They were the first in the series on either side and their stand, already worth 208 with the prospect of many more to come, led South Africa to an imposing 282 for two off the day's 90 overs.

Their home-town crowd packed into beautiful Newlands to its 22 000 capacity on a day of crystal clear sunshine that accentuated the dramatic backdrop of Table Mountain and delighted in the run feast.

They already know that the West Indies will again have their own mountain to climb to stave off their fourth defeat in the series.

At close, the free-stroking Cullinan was unbeaten 122 after four hours, five minutes, his sixth Test century, punctuated with 18 resounding boundaries in all directions off 190 balls.

The more deliberate Kallis was 102, reaching three figures after six hours for the third time in Tests in the final over, limiting himself to eight fours.

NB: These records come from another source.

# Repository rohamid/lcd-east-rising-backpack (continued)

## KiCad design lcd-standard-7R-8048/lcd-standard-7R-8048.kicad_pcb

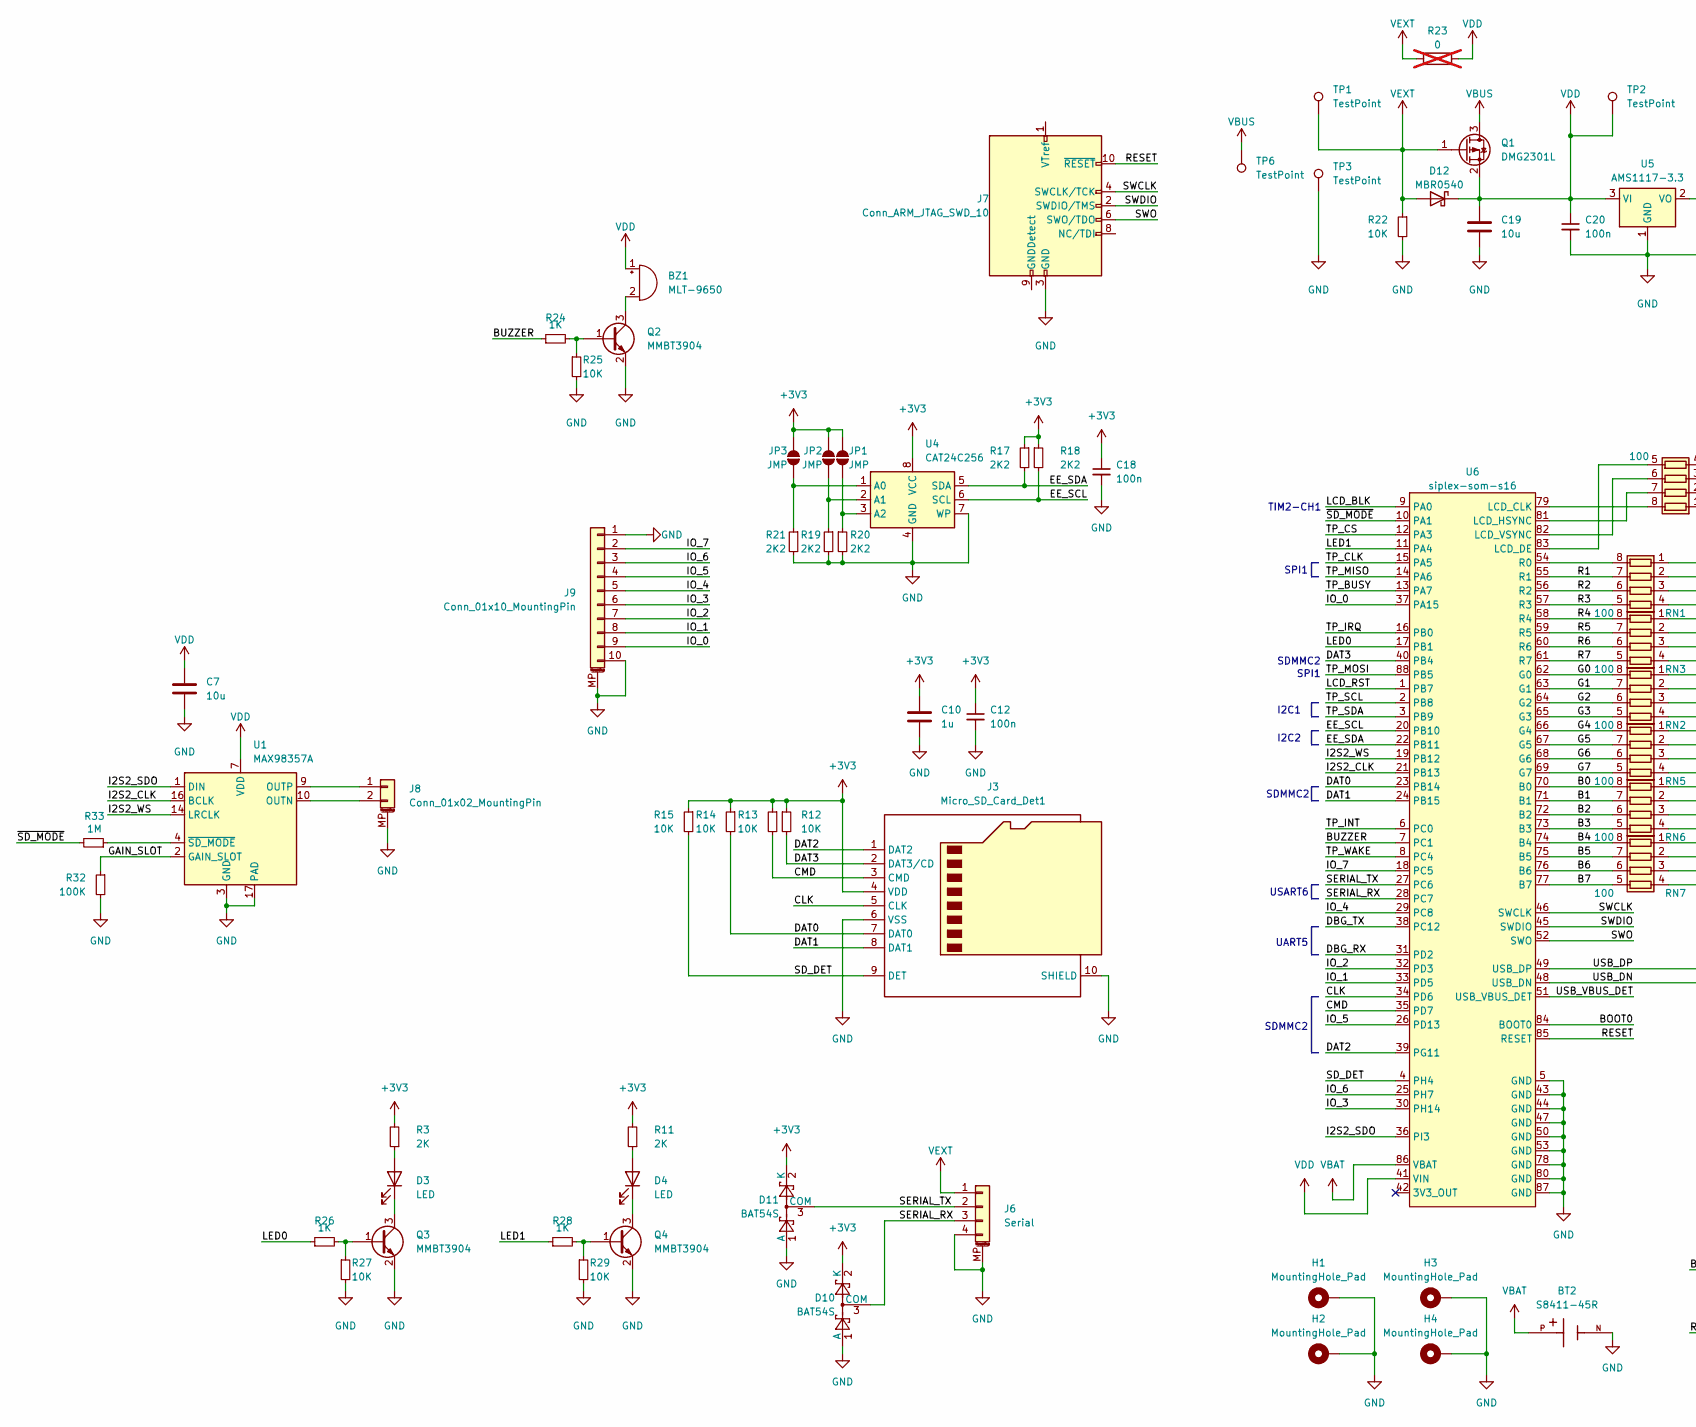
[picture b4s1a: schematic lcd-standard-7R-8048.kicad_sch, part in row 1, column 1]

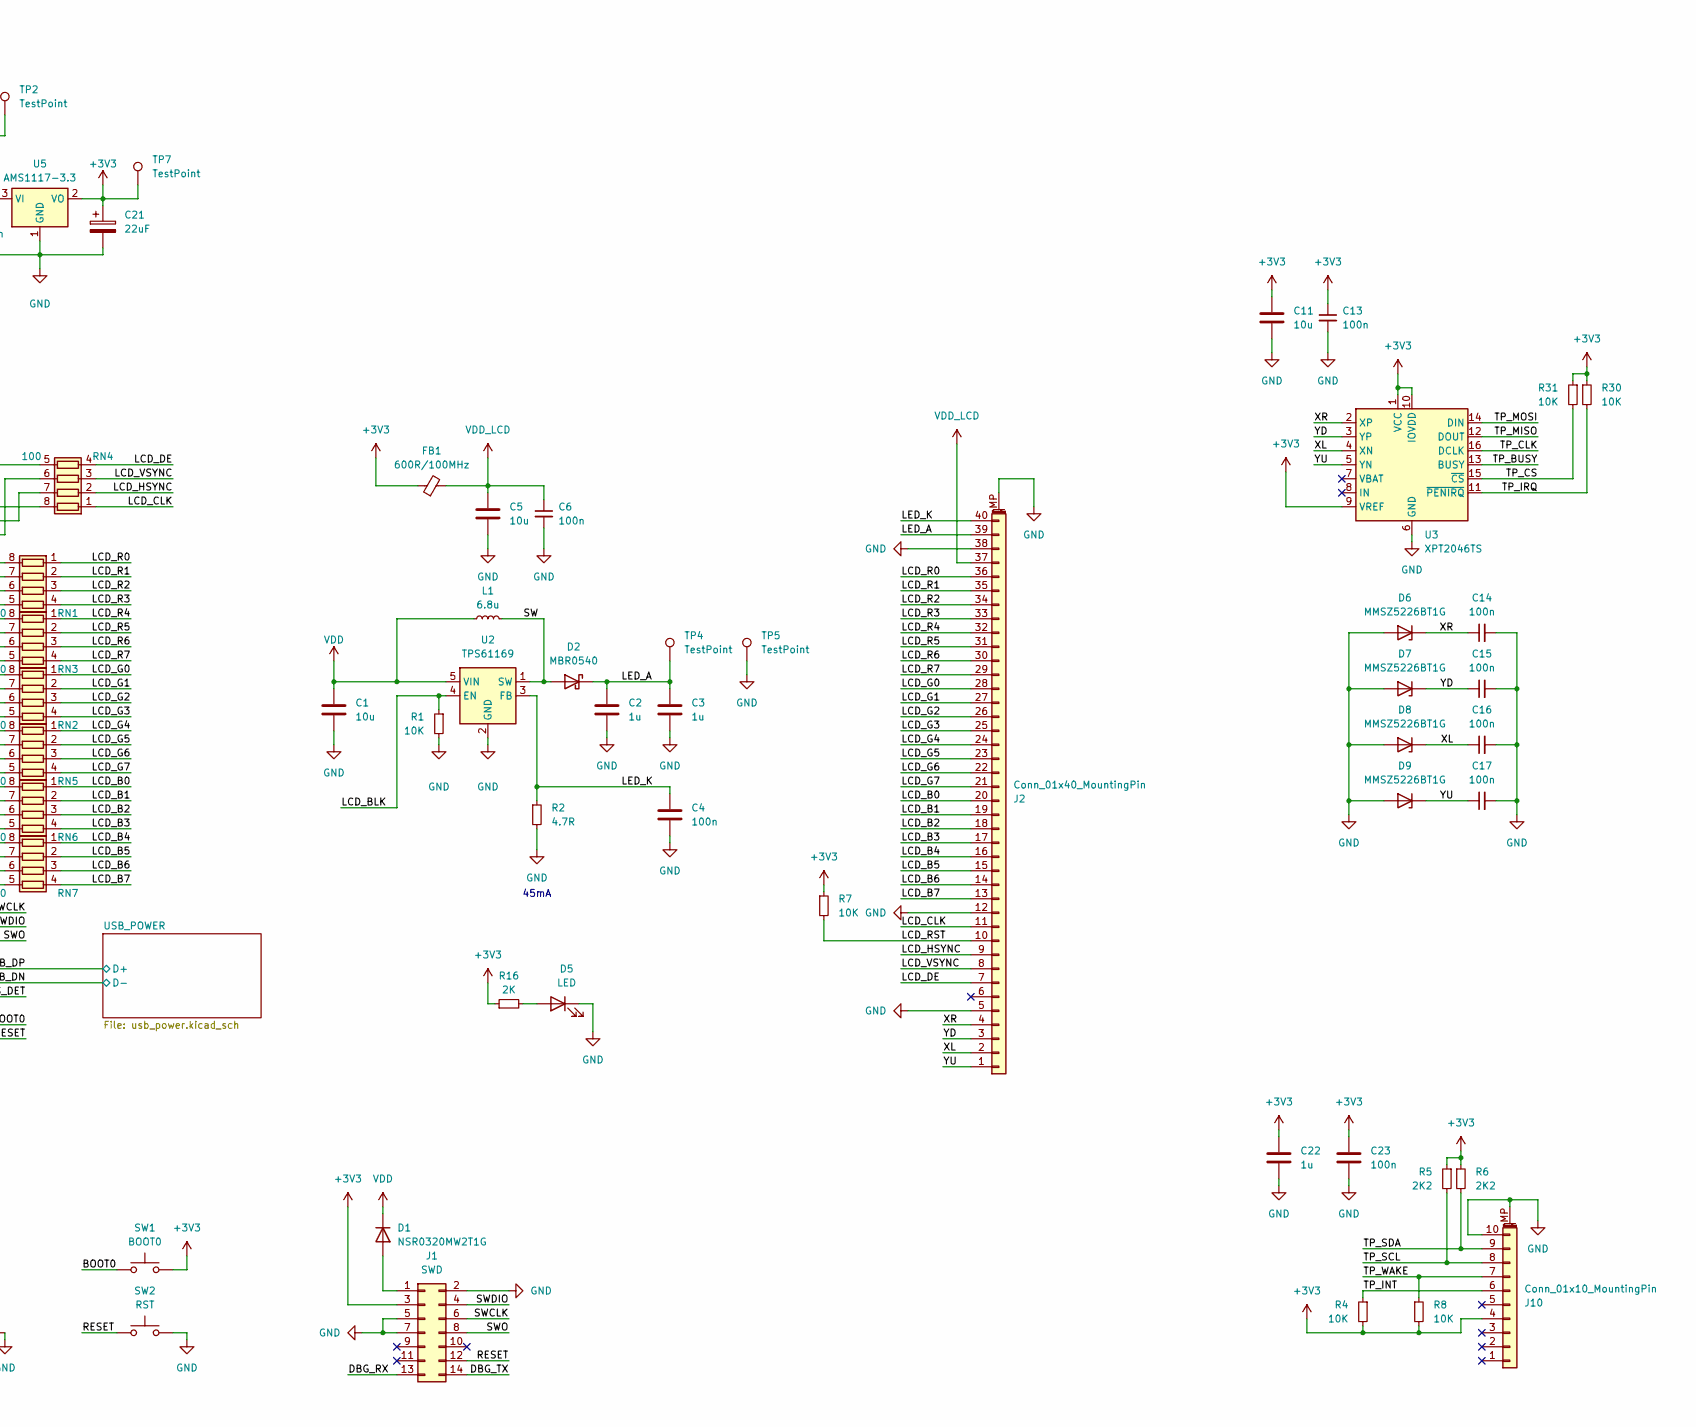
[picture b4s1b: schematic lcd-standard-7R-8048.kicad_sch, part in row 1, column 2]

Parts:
BT2: S8411-45R; CR1220-Batt-conn-S8411-45R
BZ1: MLT-9650; active-MLT-9650
C1: 10u; C_1206_3216Metric
C2, C3, C10, C22: 1u; C_0603_1608Metric
C4, C6, C13, C14, C15, C16, C17, C20, C23: 100n; C_0603_1608Metric
C5, C7, C11, C19: 10u; C_0805_2012Metric
C12, C18: 100n; C_0402_1005Metric
C21: 22uF; CP_EIA-3528-12_Kemet-T
D1: NSR0320MW2T1G; D_SOD-123
D2, D12: MBR0540; D_SOD-123
D3, D4, D5: LED; LED_0805_2012Metric
D6, D7, D8, D9: MMSZ5226BT1G; D_SOD-123
D10, D11: BAT54S; SOT-23
FB1: 600R/100MHz; C_0805_2012Metric
H1, H2, H3, H4: MountingHole_Pad; MountingHole_3.2mm_M3_Pad_Via
J1: SWD; PinHeader_2x07_P1.27mm_Vertical_SMD
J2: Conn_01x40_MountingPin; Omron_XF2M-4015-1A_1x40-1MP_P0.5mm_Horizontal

He gave a head start of nearly two hours and 28 runs to Cullinan who joined him after the other opener, Herschelle Gibbs, was neatly caught by Philo Wallace at forward short-leg off Merv Dillon for 42 on the stroke of lunch.

It was a clever piece of strategy effectively carried out by the bowler.

Brian Lara instructed Dillon to switch to round the wicket and bowl in at Gibbs' legs where he has been shown to be vulnerable. He set short-legs backward and forward and the trap was sprung two balls later.

With South Africa 74 for two, there was cause for West Indies optimism at the first interval. It soon evaporated.

The pitch, light beige in colour, slow in pace and even in bounce, offered the bowlers nothing but heartache and, in the absence through injury of the stalwart Courtney Walsh and Franklyn Rose, the lack of quality and experience among the support fast bowlers for Ambrose was starkly exposed by the rampant South Africans.

Ambrose had gone 21 overs without a wicket in the third Test. Now his first ball ended the drought as the left-handed Kirsten gloved a leg-side deflection to wicket-keeper Ridley Jacobs.

For a piece of additional trivia, it was the 66th time he had dismissed a batsman for 0 in Tests, drawing level with India's Kapil Dev on that rarely recognised statistic.

In spite of the sore knee he has carried through the tour, the tall Antiguan was the only bowler capable of the control and patience demanded by the conditions. All the others were unable to land the ball in roughly the same spot for more than six balls.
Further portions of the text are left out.